• **GIVEN DATA**
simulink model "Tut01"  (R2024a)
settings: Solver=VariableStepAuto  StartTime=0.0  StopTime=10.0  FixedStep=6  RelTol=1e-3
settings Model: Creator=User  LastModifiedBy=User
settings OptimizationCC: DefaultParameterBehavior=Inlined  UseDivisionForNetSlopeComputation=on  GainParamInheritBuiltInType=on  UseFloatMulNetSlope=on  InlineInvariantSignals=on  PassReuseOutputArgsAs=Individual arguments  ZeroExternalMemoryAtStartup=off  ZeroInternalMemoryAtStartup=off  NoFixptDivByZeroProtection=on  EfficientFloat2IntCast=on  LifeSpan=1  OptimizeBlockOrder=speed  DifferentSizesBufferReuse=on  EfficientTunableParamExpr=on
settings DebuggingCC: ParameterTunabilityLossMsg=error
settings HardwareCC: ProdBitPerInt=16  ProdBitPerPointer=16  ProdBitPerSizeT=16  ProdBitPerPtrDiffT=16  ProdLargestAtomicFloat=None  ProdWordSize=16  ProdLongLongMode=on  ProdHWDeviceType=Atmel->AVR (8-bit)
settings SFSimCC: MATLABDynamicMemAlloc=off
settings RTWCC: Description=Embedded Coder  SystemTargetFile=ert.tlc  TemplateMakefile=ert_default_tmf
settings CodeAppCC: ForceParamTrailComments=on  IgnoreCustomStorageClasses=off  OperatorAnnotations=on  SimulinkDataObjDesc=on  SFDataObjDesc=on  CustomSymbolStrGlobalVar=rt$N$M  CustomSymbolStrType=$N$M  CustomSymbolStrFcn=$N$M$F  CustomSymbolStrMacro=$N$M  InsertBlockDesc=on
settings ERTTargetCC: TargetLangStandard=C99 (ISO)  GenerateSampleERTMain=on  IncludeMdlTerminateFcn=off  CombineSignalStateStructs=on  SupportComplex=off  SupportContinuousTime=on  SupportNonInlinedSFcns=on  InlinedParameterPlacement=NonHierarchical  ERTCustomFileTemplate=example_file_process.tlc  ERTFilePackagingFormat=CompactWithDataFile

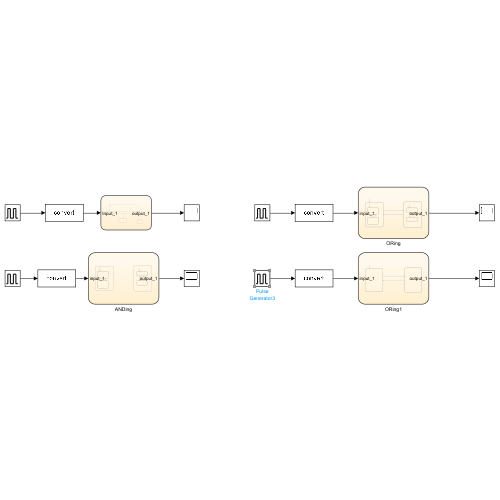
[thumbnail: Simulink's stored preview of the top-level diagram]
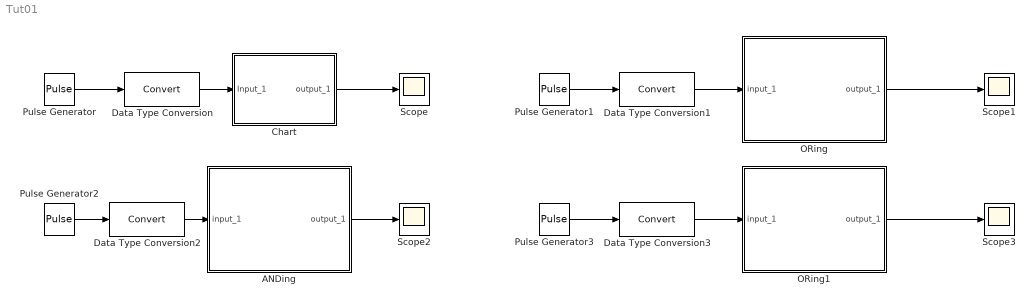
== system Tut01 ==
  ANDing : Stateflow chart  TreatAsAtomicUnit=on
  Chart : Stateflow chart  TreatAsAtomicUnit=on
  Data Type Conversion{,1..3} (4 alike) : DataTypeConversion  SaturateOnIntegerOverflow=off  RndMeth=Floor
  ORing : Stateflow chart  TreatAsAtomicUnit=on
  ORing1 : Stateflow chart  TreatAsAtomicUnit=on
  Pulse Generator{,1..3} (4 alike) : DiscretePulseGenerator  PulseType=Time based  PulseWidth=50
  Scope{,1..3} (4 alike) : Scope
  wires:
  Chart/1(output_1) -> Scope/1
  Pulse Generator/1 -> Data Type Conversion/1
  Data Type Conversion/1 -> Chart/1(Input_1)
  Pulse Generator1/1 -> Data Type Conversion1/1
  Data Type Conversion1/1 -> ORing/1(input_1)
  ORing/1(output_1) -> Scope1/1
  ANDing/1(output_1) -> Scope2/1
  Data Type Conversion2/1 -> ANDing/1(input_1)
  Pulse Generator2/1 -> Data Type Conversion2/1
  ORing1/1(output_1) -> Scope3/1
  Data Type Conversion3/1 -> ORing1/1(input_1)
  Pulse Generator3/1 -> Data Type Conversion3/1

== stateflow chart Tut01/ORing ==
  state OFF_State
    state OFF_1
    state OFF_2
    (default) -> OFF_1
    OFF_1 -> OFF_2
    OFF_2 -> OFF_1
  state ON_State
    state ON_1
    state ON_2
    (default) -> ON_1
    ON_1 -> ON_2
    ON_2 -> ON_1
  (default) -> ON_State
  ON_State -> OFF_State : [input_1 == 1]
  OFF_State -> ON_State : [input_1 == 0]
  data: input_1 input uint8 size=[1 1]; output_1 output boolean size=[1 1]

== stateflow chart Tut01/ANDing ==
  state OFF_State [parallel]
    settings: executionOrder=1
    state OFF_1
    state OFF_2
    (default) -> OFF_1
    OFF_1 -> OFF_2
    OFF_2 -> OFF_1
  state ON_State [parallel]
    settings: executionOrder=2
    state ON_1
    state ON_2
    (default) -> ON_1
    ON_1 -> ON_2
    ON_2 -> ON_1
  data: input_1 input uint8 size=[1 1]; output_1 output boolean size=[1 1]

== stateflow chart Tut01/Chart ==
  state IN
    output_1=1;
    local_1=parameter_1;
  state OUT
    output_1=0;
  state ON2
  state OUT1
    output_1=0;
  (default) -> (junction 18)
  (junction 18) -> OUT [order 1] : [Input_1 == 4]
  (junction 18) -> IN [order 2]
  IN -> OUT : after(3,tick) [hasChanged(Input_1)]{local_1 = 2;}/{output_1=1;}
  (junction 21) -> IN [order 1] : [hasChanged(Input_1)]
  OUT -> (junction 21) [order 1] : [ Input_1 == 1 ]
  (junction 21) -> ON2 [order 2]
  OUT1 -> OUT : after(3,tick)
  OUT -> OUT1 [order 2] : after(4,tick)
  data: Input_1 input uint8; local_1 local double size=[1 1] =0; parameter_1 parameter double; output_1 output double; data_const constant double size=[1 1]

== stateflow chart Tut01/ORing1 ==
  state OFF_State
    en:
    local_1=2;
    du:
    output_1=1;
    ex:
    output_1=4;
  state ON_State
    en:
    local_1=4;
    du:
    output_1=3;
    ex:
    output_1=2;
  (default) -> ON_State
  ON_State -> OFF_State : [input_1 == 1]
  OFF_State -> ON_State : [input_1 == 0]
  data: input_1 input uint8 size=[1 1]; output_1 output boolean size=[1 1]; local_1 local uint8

• **INSTRUCTIONS FOR THE TASK**
Within the listing above, give again exactly every line from the line with "ORing1/1(output_1) -> Scope3/1" through the line with "stateflow chart Tut01/ANDing", both included, and no other line.

• **ANSWER BOX**
  ORing1/1(output_1) -> Scope3/1
  Data Type Conversion3/1 -> ORing1/1(input_1)
  Pulse Generator3/1 -> Data Type Conversion3/1

== stateflow chart Tut01/ORing ==
  state OFF_State
    state OFF_1
    state OFF_2
    (default) -> OFF_1
    OFF_1 -> OFF_2
    OFF_2 -> OFF_1
  state ON_State
    state ON_1
    state ON_2
    (default) -> ON_1
    ON_1 -> ON_2
    ON_2 -> ON_1
  (default) -> ON_State
  ON_State -> OFF_State : [input_1 == 1]
  OFF_State -> ON_State : [input_1 == 0]
  data: input_1 input uint8 size=[1 1]; output_1 output boolean size=[1 1]

== stateflow chart Tut01/ANDing ==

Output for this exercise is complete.